So if we had it your way we would still be in the dark ages with no advances in technology.

What about stockbrokers who ensure an adequate rate of return so clients can retire comfortably?

Accountants who make sure people do not go to jail/pay a fine for not reporting stuff?

Lawyers who defend the innocent/wrongly accused?

Define a 'contribution'...


----------



## aleckara (3 November 2008)

brty said:


> Hi,
> 
> If a bludger is the following.... (from urban dictionary)......
> 
> ...




Everyone contributes in the own way. However I must admit that there are people who contribute to the betterment of everyone a lot more than some.

I agree with the farmers, tradies, and manufacturers - would also include engineers (even IT ones), scientists and other social sciences, entertainers, nurses and doctors. I would not include accountants, lawyers, stockbrokers, finance professionals (ok some of what they do as a middleman is necessary but they have overstepped their bounds) in that category.

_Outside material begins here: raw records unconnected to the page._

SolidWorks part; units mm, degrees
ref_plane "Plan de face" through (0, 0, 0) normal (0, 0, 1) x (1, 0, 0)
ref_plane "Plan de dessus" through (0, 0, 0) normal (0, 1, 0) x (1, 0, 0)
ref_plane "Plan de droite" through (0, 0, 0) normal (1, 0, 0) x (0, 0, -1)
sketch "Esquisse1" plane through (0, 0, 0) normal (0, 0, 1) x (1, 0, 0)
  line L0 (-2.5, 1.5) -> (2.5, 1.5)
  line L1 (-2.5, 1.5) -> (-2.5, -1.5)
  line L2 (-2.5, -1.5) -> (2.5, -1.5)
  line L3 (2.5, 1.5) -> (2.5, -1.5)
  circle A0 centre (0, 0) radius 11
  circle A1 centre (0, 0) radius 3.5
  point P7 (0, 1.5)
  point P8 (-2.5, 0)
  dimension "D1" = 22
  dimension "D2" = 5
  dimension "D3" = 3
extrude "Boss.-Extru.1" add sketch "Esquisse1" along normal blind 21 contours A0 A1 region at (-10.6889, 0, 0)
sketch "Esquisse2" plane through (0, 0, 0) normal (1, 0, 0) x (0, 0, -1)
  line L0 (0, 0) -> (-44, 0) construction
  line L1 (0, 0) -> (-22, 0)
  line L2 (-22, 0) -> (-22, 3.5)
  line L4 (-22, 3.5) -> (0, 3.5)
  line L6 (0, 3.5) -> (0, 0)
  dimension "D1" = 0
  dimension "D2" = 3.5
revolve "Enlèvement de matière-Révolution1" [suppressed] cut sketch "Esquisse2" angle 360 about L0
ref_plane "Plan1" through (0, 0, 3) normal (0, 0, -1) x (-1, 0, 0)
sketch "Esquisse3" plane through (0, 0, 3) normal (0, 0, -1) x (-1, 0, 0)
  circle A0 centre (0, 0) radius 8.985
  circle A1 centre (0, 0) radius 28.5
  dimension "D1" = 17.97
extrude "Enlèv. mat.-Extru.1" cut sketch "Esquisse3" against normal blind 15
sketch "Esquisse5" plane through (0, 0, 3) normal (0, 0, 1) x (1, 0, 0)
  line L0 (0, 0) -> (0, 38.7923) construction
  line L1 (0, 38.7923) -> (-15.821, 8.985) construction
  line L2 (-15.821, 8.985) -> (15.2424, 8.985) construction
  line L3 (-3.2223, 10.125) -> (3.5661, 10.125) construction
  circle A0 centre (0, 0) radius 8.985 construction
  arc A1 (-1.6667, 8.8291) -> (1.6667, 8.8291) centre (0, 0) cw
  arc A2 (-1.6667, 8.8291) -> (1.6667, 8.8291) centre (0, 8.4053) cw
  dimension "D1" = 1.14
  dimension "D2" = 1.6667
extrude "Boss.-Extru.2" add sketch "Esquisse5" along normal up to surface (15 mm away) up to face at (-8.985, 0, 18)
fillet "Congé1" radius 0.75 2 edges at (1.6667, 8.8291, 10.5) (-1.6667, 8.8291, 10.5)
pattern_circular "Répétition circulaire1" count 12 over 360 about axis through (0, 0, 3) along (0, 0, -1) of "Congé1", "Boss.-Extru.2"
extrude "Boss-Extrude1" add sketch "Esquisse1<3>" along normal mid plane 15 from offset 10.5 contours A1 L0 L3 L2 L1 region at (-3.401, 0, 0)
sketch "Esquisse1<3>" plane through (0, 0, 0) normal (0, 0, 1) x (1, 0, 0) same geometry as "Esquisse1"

As long as you create something that people use now or will greatly benefit by using in the future, or enjoy or that makes their lives easier (reducing cost) you are doing a service. Anything that gets its income from red tape is a cost to our prosperity however is required as humans aren't perfect.

As for making uni free again - bad idea. I sincerely hope that less people get into uni generally and only start getting into what the country needs (trades, nurses are the top in my head). These are fundamental basic jobs that are needed and making university easier to get into when society needs these roles to be filled more is stupid. All it does is lead to the current situation where a lot of graduates find it hard to get jobs whereas tradies are getting paid the same if not more than a graduate salary with less education.


----------



## prawn_86 (3 November 2008)

I still maintain my arguement that lawyers etc are just as needed as anyone else.

Sure there are bad ones, but there are plenty of dodgy tradespeople out there too.

If anyones fault, the blame should be placed at the policy makers for creating such a complex society where lawyers, FPs, stockbrokers etc are needed and relied on so heavily.

Does a hairdresser contribute? They are a trade but not needed. Why cut our hair? Or why not just cut it at home? What about a tailor or a shoe repairer? Why wear clothes or shoes.

I think the arguement some people are putting across is flawed. You need a more specific definition of 'contribute'


----------



## gfresh (3 November 2008)

Those that sit on multiple properties and rely on capital appreciation year on year by large percentages to provide them "wealth"..


----------



## Judd (3 November 2008)

Oh well, if you must then blame the Hon John Dawkins MP, former Minister for Employment, Education and Training, who reintroduced uni fees (HECS) and reverse engineered the concept of a University to encompass Trade Colleges and the like.  As a result universities (then being Monash, La Trobe, Sydney, and the like) went from a 120,000 population to over 900,000 of a varying mish mash of what constitutes a University education.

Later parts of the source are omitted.